WHAT YOU WILL DO
Without the pictures, output the records below exactly as they are.

RECORDS PROVIDED
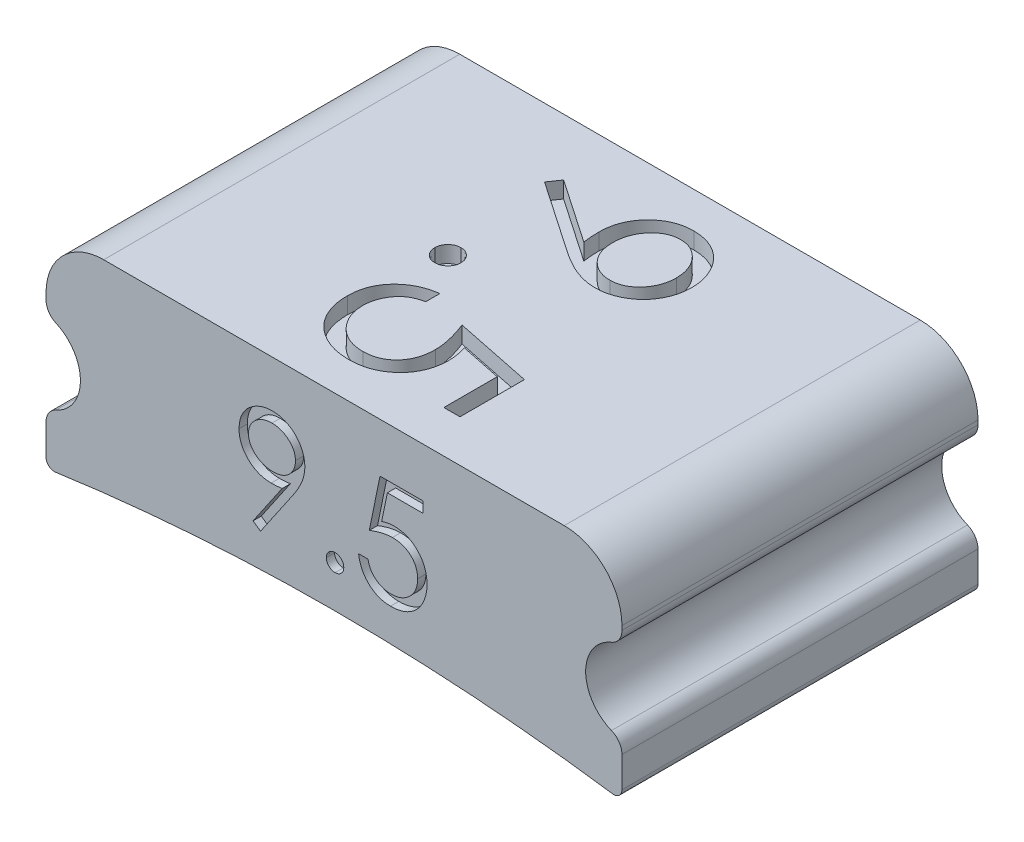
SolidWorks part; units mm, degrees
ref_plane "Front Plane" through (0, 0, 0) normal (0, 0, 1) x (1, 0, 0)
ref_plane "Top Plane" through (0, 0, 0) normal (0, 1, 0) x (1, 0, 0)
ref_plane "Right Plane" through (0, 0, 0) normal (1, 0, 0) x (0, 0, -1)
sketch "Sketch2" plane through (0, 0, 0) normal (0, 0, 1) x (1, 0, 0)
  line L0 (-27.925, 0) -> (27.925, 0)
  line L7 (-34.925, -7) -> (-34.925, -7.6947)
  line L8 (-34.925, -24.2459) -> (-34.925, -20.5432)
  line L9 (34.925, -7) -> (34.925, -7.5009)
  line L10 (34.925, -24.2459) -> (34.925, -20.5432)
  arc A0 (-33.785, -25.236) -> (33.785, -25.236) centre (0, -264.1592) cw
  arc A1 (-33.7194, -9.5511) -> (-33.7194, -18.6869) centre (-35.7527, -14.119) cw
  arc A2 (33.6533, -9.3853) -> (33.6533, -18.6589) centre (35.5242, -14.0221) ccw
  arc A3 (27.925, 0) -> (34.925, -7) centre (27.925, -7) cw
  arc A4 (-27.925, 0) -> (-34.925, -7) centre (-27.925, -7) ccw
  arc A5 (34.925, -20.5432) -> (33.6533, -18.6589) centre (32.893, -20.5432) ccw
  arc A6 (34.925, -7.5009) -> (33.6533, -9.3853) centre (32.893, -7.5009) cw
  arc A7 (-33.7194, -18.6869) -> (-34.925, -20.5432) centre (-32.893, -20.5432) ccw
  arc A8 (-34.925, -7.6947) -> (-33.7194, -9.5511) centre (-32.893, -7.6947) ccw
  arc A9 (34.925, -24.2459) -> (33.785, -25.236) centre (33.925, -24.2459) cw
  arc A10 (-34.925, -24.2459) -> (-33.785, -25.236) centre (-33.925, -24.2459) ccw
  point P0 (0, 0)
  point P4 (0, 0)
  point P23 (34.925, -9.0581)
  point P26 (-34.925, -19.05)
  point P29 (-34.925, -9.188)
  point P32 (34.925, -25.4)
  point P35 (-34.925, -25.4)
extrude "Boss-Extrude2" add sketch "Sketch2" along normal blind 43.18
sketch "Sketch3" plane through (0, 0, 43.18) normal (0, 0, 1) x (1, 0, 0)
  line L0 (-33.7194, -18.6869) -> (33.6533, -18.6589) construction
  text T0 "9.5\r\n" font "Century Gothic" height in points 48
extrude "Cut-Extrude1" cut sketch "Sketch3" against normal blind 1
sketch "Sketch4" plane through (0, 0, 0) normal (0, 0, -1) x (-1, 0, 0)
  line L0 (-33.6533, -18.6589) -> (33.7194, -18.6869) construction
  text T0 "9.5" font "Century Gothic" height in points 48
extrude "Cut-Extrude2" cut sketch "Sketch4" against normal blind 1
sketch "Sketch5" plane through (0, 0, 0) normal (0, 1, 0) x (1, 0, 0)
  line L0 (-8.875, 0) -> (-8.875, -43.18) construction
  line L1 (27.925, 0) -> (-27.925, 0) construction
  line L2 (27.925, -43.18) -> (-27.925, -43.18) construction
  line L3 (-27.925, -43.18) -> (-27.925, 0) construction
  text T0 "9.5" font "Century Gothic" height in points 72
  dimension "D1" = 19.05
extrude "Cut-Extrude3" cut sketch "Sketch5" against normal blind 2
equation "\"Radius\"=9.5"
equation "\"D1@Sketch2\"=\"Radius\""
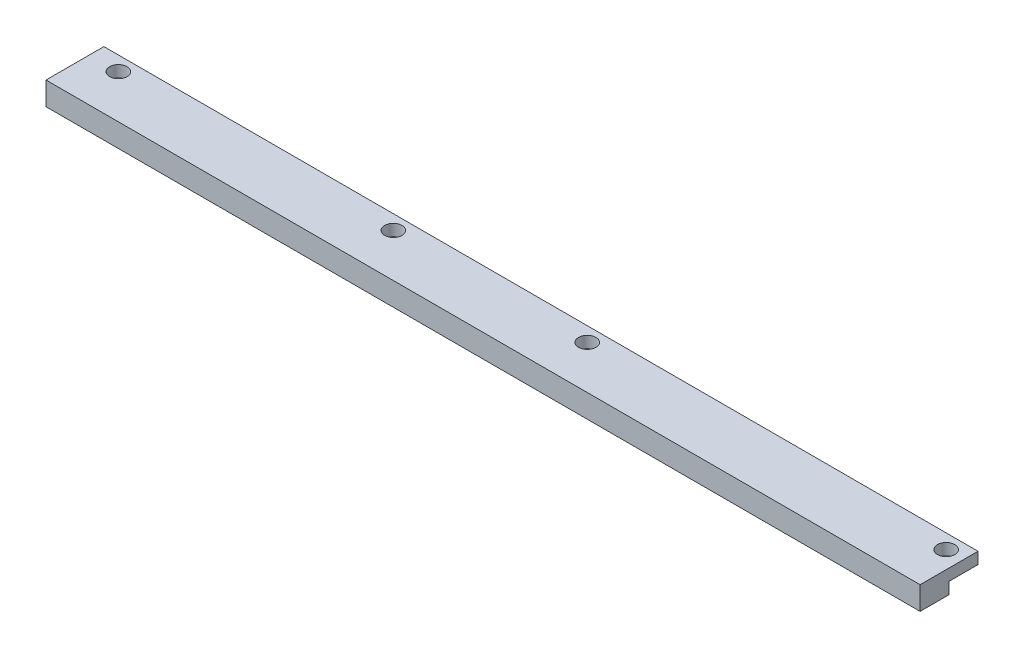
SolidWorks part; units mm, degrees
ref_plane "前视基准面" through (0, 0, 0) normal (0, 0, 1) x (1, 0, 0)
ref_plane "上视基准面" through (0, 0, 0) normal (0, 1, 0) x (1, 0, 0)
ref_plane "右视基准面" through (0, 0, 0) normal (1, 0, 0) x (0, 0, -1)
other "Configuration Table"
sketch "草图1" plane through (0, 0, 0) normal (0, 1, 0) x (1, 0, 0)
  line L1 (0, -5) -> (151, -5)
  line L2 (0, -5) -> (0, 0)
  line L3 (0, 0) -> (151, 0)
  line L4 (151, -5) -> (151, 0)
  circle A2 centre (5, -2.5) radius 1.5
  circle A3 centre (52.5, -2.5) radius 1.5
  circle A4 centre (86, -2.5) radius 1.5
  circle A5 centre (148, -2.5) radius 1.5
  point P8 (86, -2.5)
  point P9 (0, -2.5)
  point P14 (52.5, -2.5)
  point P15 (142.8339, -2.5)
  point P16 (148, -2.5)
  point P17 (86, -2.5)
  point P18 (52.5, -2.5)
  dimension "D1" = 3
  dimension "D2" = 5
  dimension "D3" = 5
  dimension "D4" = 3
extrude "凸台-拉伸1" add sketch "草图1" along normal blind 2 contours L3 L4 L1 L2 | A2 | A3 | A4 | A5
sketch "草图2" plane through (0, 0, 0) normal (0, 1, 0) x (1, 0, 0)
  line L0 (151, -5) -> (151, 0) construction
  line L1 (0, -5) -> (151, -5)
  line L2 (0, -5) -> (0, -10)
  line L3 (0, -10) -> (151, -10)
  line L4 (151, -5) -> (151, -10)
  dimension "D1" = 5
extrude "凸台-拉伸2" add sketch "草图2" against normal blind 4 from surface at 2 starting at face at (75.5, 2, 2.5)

EXERCISE OUTPUT
SolidWorks part; units mm, degrees
ref_plane "Front Plane" through (0, 0, 0) normal (0, 0, 1) x (1, 0, 0)
ref_plane "Top Plane" through (0, 0, 0) normal (0, 1, 0) x (1, 0, 0)
ref_plane "Right Plane" through (0, 0, 0) normal (1, 0, 0) x (0, 0, -1)
sketch "Sketch2" plane through (0, 0, 0) normal (0, 0, 1) x (1, 0, 0)
  line L0 (-27.925, 0) -> (27.925, 0)
  line L7 (-34.925, -7) -> (-34.925, -7.6947)
  line L8 (-34.925, -24.2459) -> (-34.925, -20.5432)
  line L9 (34.925, -7) -> (34.925, -7.5009)
  line L10 (34.925, -24.2459) -> (34.925, -20.5432)
  arc A0 (-33.785, -25.236) -> (33.785, -25.236) centre (0, -264.1592) cw
  arc A1 (-33.7194, -9.5511) -> (-33.7194, -18.6869) centre (-35.7527, -14.119) cw
  arc A2 (33.6533, -9.3853) -> (33.6533, -18.6589) centre (35.5242, -14.0221) ccw
  arc A3 (27.925, 0) -> (34.925, -7) centre (27.925, -7) cw
  arc A4 (-27.925, 0) -> (-34.925, -7) centre (-27.925, -7) ccw
  arc A5 (34.925, -20.5432) -> (33.6533, -18.6589) centre (32.893, -20.5432) ccw
  arc A6 (34.925, -7.5009) -> (33.6533, -9.3853) centre (32.893, -7.5009) cw
  arc A7 (-33.7194, -18.6869) -> (-34.925, -20.5432) centre (-32.893, -20.5432) ccw
  arc A8 (-34.925, -7.6947) -> (-33.7194, -9.5511) centre (-32.893, -7.6947) ccw
  arc A9 (34.925, -24.2459) -> (33.785, -25.236) centre (33.925, -24.2459) cw
  arc A10 (-34.925, -24.2459) -> (-33.785, -25.236) centre (-33.925, -24.2459) ccw
  point P0 (0, 0)
  point P4 (0, 0)
  point P23 (34.925, -9.0581)
  point P26 (-34.925, -19.05)
  point P29 (-34.925, -9.188)
  point P32 (34.925, -25.4)
  point P35 (-34.925, -25.4)
extrude "Boss-Extrude2" add sketch "Sketch2" along normal blind 43.18
sketch "Sketch3" plane through (0, 0, 43.18) normal (0, 0, 1) x (1, 0, 0)
  line L0 (-33.7194, -18.6869) -> (33.6533, -18.6589) construction
  text T0 "9.5\r\n" font "Century Gothic" height in points 48
extrude "Cut-Extrude1" cut sketch "Sketch3" against normal blind 1
sketch "Sketch4" plane through (0, 0, 0) normal (0, 0, -1) x (-1, 0, 0)
  line L0 (-33.6533, -18.6589) -> (33.7194, -18.6869) construction
  text T0 "9.5" font "Century Gothic" height in points 48
extrude "Cut-Extrude2" cut sketch "Sketch4" against normal blind 1
sketch "Sketch5" plane through (0, 0, 0) normal (0, 1, 0) x (1, 0, 0)
  line L0 (-8.875, 0) -> (-8.875, -43.18) construction
  line L1 (27.925, 0) -> (-27.925, 0) construction
  line L2 (27.925, -43.18) -> (-27.925, -43.18) construction
  line L3 (-27.925, -43.18) -> (-27.925, 0) construction
  text T0 "9.5" font "Century Gothic" height in points 72
  dimension "D1" = 19.05
extrude "Cut-Extrude3" cut sketch "Sketch5" against normal blind 2
equation "\"Radius\"=9.5"
equation "\"D1@Sketch2\"=\"Radius\""
SolidWorks part; units mm, degrees
ref_plane "前视基准面" through (0, 0, 0) normal (0, 0, 1) x (1, 0, 0)
ref_plane "上视基准面" through (0, 0, 0) normal (0, 1, 0) x (1, 0, 0)
ref_plane "右视基准面" through (0, 0, 0) normal (1, 0, 0) x (0, 0, -1)
other "Configuration Table"
sketch "草图1" plane through (0, 0, 0) normal (0, 1, 0) x (1, 0, 0)
  line L1 (0, -5) -> (151, -5)
  line L2 (0, -5) -> (0, 0)
  line L3 (0, 0) -> (151, 0)
  line L4 (151, -5) -> (151, 0)
  circle A2 centre (5, -2.5) radius 1.5
  circle A3 centre (52.5, -2.5) radius 1.5
  circle A4 centre (86, -2.5) radius 1.5
  circle A5 centre (148, -2.5) radius 1.5
  point P8 (86, -2.5)
  point P9 (0, -2.5)
  point P14 (52.5, -2.5)
  point P15 (142.8339, -2.5)
  point P16 (148, -2.5)
  point P17 (86, -2.5)
  point P18 (52.5, -2.5)
  dimension "D1" = 3
  dimension "D2" = 5
  dimension "D3" = 5
  dimension "D4" = 3
extrude "凸台-拉伸1" add sketch "草图1" along normal blind 2 contours L3 L4 L1 L2 | A2 | A3 | A4 | A5
sketch "草图2" plane through (0, 0, 0) normal (0, 1, 0) x (1, 0, 0)
  line L0 (151, -5) -> (151, 0) construction
  line L1 (0, -5) -> (151, -5)
  line L2 (0, -5) -> (0, -10)
  line L3 (0, -10) -> (151, -10)
  line L4 (151, -5) -> (151, -10)
  dimension "D1" = 5
extrude "凸台-拉伸2" add sketch "草图2" against normal blind 4 from surface at 2 starting at face at (75.5, 2, 2.5)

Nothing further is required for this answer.